SEED_NO (int, optional) – Random seed for CV splitters and the TPE sampler to ensure reproducibility. Default is 1909.
- Returns:
model (estimator) – Fitted estimator configured with the best hyperparameters found (or the base model if n_iter is 0).
params (dict) – Dictionary of the best hyperparameters from the Optuna study.
study (optuna.study.Study) – Returned only when return_study is True; contains all trials and results.
Examples
Fit a tuned Random Forest: >>> model, params = hyper_opt(data_x, data_y, clf=’rf’, n_iter=50)

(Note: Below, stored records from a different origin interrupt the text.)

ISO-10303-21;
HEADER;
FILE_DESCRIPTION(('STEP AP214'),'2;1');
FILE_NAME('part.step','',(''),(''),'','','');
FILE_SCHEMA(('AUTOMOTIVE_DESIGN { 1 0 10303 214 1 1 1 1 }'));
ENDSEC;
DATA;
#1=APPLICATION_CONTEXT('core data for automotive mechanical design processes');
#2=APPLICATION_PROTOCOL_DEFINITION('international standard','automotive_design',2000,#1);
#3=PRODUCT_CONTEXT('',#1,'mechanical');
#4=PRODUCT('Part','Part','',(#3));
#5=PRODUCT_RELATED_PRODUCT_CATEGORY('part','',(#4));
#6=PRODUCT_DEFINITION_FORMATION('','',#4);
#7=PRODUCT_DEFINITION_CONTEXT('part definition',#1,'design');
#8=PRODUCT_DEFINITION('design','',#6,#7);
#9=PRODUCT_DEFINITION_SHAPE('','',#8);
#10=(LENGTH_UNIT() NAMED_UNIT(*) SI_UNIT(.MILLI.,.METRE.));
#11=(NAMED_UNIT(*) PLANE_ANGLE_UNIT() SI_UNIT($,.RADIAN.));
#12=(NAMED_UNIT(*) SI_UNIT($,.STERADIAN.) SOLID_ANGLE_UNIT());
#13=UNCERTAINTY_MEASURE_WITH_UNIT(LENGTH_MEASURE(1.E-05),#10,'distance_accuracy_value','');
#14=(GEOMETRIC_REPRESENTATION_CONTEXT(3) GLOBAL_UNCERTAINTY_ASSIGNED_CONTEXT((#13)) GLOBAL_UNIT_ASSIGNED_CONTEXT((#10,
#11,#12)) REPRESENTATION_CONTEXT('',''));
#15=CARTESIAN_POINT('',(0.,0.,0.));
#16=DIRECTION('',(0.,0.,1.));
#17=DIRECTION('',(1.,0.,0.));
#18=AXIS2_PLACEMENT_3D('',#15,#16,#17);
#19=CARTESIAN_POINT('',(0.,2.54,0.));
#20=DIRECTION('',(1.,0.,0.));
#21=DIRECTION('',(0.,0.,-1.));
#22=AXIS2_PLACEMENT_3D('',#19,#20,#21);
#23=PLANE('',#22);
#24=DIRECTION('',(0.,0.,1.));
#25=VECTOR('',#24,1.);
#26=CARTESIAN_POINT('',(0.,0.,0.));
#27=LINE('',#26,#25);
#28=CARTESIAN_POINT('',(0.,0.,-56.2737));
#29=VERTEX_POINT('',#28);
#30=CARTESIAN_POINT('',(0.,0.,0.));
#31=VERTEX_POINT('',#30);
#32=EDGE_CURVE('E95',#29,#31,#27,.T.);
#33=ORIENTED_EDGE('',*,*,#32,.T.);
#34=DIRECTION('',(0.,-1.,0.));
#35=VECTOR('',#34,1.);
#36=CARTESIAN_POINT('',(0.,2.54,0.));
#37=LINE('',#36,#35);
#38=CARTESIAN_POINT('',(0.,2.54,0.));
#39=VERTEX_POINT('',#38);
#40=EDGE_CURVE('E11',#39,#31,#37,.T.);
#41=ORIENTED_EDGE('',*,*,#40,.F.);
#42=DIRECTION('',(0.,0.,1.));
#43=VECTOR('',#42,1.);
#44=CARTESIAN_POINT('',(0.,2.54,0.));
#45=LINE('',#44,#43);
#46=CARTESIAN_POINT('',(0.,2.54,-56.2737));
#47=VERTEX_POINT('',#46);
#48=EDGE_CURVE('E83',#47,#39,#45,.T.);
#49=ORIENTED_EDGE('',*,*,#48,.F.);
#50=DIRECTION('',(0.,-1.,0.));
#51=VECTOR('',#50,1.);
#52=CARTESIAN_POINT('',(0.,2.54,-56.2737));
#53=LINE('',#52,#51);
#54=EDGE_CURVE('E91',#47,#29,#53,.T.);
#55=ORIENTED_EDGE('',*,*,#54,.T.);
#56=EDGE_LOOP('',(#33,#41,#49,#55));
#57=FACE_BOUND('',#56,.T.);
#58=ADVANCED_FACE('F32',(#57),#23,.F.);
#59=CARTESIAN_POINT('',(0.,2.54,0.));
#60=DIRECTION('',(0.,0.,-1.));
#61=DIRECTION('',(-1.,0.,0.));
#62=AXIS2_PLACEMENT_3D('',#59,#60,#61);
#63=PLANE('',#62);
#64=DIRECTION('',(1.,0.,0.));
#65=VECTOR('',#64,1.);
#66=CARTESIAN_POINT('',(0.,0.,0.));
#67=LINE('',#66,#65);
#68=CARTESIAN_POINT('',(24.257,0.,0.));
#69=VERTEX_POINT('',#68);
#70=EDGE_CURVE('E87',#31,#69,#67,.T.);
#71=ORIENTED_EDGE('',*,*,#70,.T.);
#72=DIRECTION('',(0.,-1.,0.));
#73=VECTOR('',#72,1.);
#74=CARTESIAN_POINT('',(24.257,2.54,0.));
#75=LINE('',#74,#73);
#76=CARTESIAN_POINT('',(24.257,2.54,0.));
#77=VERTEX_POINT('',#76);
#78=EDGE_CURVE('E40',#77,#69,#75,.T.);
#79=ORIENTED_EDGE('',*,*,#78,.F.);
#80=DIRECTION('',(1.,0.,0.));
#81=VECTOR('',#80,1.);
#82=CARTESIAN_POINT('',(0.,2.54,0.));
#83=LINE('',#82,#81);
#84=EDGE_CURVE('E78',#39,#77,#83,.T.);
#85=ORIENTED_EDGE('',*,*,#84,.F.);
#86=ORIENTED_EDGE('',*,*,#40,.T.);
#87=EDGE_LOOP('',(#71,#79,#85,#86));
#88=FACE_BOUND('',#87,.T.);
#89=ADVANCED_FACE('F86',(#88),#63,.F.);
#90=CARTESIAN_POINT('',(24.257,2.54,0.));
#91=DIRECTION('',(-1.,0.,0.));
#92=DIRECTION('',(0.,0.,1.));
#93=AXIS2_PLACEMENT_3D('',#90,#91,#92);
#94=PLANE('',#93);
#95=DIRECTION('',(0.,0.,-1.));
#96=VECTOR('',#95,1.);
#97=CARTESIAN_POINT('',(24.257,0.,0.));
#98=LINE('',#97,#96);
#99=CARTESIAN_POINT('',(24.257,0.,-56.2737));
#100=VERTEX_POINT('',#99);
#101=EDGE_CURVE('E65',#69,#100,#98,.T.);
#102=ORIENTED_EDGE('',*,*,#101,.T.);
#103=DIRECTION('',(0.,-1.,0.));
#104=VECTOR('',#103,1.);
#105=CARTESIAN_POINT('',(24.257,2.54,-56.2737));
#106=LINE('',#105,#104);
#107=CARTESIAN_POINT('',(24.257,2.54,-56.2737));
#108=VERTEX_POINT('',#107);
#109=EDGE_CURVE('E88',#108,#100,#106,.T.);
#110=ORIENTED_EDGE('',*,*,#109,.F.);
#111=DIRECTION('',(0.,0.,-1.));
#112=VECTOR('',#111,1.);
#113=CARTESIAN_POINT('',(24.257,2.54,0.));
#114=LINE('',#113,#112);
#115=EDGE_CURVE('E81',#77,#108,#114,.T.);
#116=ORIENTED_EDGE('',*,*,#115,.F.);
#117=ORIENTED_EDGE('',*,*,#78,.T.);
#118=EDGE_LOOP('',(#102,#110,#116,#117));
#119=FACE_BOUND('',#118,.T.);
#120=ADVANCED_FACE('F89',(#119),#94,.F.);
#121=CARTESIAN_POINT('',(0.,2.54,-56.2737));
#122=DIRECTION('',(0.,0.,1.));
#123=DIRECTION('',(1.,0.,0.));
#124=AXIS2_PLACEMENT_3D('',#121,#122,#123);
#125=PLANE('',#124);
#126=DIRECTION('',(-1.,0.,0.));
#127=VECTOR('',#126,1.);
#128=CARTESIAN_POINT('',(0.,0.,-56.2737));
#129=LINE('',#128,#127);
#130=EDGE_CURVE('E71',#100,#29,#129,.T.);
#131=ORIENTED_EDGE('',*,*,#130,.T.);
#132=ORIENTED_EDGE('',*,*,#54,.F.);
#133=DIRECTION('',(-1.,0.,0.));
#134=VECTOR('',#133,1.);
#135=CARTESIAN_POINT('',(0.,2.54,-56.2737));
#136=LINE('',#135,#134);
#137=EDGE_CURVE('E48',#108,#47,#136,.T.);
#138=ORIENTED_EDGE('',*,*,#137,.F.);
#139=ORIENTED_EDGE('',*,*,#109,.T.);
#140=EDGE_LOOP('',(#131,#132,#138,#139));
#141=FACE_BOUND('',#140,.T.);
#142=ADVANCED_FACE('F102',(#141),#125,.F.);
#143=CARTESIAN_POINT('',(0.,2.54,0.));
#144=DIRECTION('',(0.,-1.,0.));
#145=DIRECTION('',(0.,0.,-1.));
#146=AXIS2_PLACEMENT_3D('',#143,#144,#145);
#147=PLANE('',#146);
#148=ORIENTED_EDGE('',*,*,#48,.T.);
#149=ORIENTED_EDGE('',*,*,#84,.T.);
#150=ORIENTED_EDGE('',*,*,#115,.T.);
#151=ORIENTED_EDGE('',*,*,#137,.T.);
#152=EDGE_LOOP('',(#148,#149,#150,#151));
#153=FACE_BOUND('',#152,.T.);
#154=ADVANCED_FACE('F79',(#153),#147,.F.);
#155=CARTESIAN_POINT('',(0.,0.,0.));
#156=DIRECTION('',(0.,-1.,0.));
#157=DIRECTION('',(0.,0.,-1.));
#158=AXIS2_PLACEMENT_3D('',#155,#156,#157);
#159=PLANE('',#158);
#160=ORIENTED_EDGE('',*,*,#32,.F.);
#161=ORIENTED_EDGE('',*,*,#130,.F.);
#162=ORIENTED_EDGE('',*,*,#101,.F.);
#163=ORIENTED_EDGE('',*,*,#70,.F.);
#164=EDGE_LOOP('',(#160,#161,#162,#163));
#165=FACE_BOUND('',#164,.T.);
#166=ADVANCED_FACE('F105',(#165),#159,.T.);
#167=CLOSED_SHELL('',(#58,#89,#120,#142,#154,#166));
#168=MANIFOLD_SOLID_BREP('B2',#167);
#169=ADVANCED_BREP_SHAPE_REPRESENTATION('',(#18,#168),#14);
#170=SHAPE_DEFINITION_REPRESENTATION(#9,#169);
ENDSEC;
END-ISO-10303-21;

Retrieve the Optuna study for visualization: >>> model, params, study = hyper_opt(data_x, data_y, clf=’xgb’, n_iter=50, return_study=True) >>> from optuna.visualization.matplotlib import plot_contour >>> plot_contour(study)
- Raises:
ValueError – If clf is not one of {‘rf’, ‘nn’, ‘xgb’}.
- pyBIA.optimization.borutashap_opt(data_x, data_y, boruta_trials=50, model='rf', importance_type='gain', SEED_NO=1909)[source]
Run BorutaSHAP feature selection (Boruta + SHAP) and return selected feature indices.
- Parameters:
data_x (ndarray) – Feature matrix of shape (n_samples, n_features) used to compute importances; must contain no NaNs.
data_y (array-like) – 1D array of labels aligned with data_x; categorical labels are internally mapped to integers.
boruta_trials (int, optional) – Number of BorutaSHAP iterations to stabilize the acceptance/rejection distributions; default is 50.
model ({'rf','xgb'}, optional) – Base estimator used to compute importances: Random Forest (‘rf’) or XGBoost (‘xgb’); default is ‘rf’.
importance_type ({'gain','weight','cover','total_gain','total_cover'}, optional) – XGBoost importance metric to use when model=’xgb’; ignored for Random Forest; default is ‘gain’.
SEED_NO (int, optional) – Random seed for reproducibility of the estimator and BorutaSHAP sampling; default is 1909.
- Returns:
index (ndarray) – Sorted array of selected feature indices (dtype=int) referring to columns in data_x.
feat_selector (BorutaSHAP) – Fitted BorutaSHAP selector object containing selection history and plotting utilities.
- Raises:
ValueError – If model is not one of {‘rf’,’xgb’}, if data_x contains NaNs, or if BorutaSHAP fitting fails.
- pyBIA.optimization.standardize_data(data_x, method='min-max', return_scaler=True)[source]
Scale features with a chosen strategy for models sensitive to input range.
- Parameters:
data_x (ndarray) – Feature matrix of shape (n_samples, n_features) to be transformed.
method ({'min-max','robust','standard'}, optional) – Scaling strategy to apply: ‘min-max’ rescales each feature to [0, 1]; ‘robust’ centers by the median and scales by the IQR; ‘standard’ centers to mean 0 and scales to unit variance. Default is ‘min-max’.
return_scaler (bool, optional) – If True, return the fitted scaler object along with the transformed data; if False, return only the transformed data. Default is True.
- Returns:
norm_data_x (ndarray) – Scaled feature matrix of shape (n_samples, n_features).
scaler (sklearn.base.TransformerMixin) – Fitted scaler instance (MinMaxScaler, RobustScaler, or StandardScaler); returned only when return_scaler is True.
- pyBIA.optimization.impute_missing_values(data, imputer=None, strategy='knn', k=3, constant_value=0)[source]
Impute missing values using mean/median/mode, a constant, or k-nearest neighbors.
- Parameters:
data (ndarray) – Array of shape (n_samples, n_features) containing NaNs to be imputed.
imputer (sklearn.impute.SimpleImputer | sklearn.impute.KNNImputer | None, optional) – Pre-fitted imputer to apply; if None, a new imputer is created and fitted on data. Default is None.
strategy ({'knn','mean','median','mode','constant'}, optional) – Imputation strategy to use. Default is ‘knn’.
k (int, optional) – Number of neighbors for KNN imputation (used only when strategy=’knn’). Default is 3.
constant_value (float or int, optional) – Fill value for constant imputation (used only when strategy=’constant’). Default is 0.
- Returns:
imputed_data (ndarray) – Array with missing values filled.
imputer (sklearn.impute.SimpleImputer | sklearn.impute.KNNImputer) – Fitted imputer returned only when a new imputer is created (i.e., when input imputer is None).
- pyBIA.optimization.Strawman_imputation(data)[source]
Median (“strawman”) imputation for missing values.
- Parameters:
data (ndarray) – Input array of shape (n_samples, n_features) or (n_features,). Missing values are assumed to be encoded as NaN or ±inf. For 1D input, a single global median (over finite values) is used. For 2D input, medians are computed column-wise.
- Returns:
imputed – Array with the same shape as data in which missing entries have been replaced by the corresponding median(s).
- Return type:
ndarray